RYA Day Skipper, still in the BVIs

February 28, 2021

Reading time: 17 minutes

We end up abandoning plans to practice tacking and gybing, and have to motor for the full crossing. There isn’t even enough wind to motor-sail.

We are practically becalmed, the sea inky and still.

In October 2015, immediately after doing our RYA Competent Crew practical in the BVIs, we took our Day Skipper practical. We’d already done the theory aspect at home via correspondence with Kipper Sailing.

The foreground is a cocktail, and in the background is the sea and rocky coast with sun peaking from behind the clouds
Rum punch at West End

We told the story of comp-crew in our last blog. In this post, we pick up as we head back to the marina after two nights resting on land and exploring Tortola.

Back to The Moorings

We wake up in our rainforest Airbnb to heavy rain and cool air. Annoyingly none of the clothes we left hanging outside have dried properly – it’s just too humid. We’re resigned to drying them once we get back to the marina. As we finish packing, we eat little salami and cream cheese rolls for breakfast.

After saying goodbye to our host we set off shortly after 10am, driving off to the north and east, and mostly following the main road. We stop a couple of times to take photos, and make it to Hodges Creek Marina before 11:30.

Yacht shopping

Colin deciding if a Gemini could be the one.
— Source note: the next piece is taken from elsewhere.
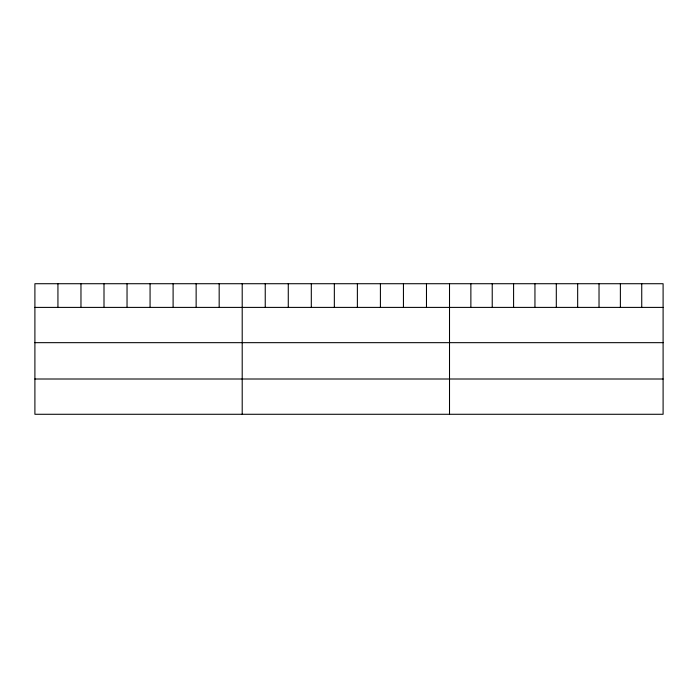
<?xml version="1.0" encoding="UTF-8"?>
<svg xmlns="http://www.w3.org/2000/svg" width="698" height="698" viewBox="0 0 698 698"><rect width="100%" height="100%" fill="white"/><g stroke="black" fill="none" stroke-linecap="round" stroke-linejoin="round"><path stroke-width="1.05" d="M663.1 307.399L663.1 414.28L34.9 414.28L34.9 283.72L663.1 283.72L663.1 307.399L34.9 307.399M34.9 342.666L663.1 342.666M34.9 379.005L663.1 379.005M641.741 283.72L641.741 307.399M620.382 283.72L620.382 307.399M599.024 283.72L599.024 307.399M577.665 283.72L577.665 307.399M556.306 283.72L556.306 307.399M534.947 283.72L534.947 307.399M513.588 283.72L513.588 307.399M492.23 283.72L492.23 307.399M470.871 283.72L470.871 307.399M449.512 283.72L449.512 414.28M426.478 283.72L426.478 307.399M403.444 283.72L403.444 307.399M380.41 283.72L380.41 307.399M357.376 283.72L357.376 307.399M334.342 283.72L334.342 307.399M311.308 283.72L311.308 307.399M288.274 283.72L288.274 307.399M265.24 283.72L265.24 307.399M242.206 283.72L242.206 414.28M219.172 283.72L219.172 307.399M196.138 283.72L196.138 307.399M173.104 283.72L173.104 307.399M150.07 283.72L150.07 307.399M127.036 283.72L127.036 307.399M104.002 283.72L104.002 307.399M80.968 283.72L80.968 307.399M57.934 283.72L57.934 307.399"/></g></svg>

We meet with Marianne at The Catamaran Company and chat for a while about crewing opportunities and visa requirements. Our main reason for the visit is to look at a Gemini catamaran, which is an option that falls in our budget for buying. The comfortable size of the Gemini, something I’d worried about, leaves me pleasantly surprised. This option has a spacious master cabin and head, an aft cabin, and a combined cabin and head, which is odd but makes sense as extra storage. I’m not sure sailing in this configuration with more than two other people would be that great though.

Maybe a Lagoon 500 is a little excessive for Ailsa…

Just for the fun of it, before leaving, we look at a Lagoon 500, which has 4 cabins that are practically suites and a kitchen so big it has an island. We’ve seen smaller flats. The idea of crewing a yacht like this is pretty sweet until the captain’s cabin, accessed through a hatch in one of the hulls, is pointed out to us.

Marina life

We continue driving around the main road back to the Moorings Marina, where we have mahi-mahi sandwiches before heading to the shop for shirts and the chandlery for a local chart. We spend a couple of hours relaxing by the pool before we get the okay to go back on board Nipolos 3, the training yacht we spent the last week on. Amusingly, we end up hanging our damp laundry from the loungers around us – we must look like utter riffraff.

Colin drives a dingy across a marina at dusk
Heading for drinks at Village Cay

Back on board, we meet Matt, the sailing school manager, as we unload our bags. I unpack, and we hand back the car keys and stow one bag on land. We catch up briefly with our instructor, Skipper Mick, before he heads over to Village Cay. After a shower, we take the dinghy across the harbour to join him, which already feels like a natural thing to do.

Village Cay is having its season-opening night, and it’s jumping. We meet a number of Mick’s ex-pat friends and drink the local summer ale from St John. We have dinner and head back over in time to have a beer on deck before our new crew join us. 23-year-old data analyst Jools is doing Comp Crew, and Greg, an airline pilot who flies private jets, is doing Day Skipper. We chat a while before bed at around midnight.

Day 1

Woke up earlier than I’d like given the late night. After getting set for the day and loading some provisions we head to the Family Food and Bakery for breakfast. Emboldened by last week’s visit, we try the Tyler Special, an egg and bacon butty with salsa, which is fantastic.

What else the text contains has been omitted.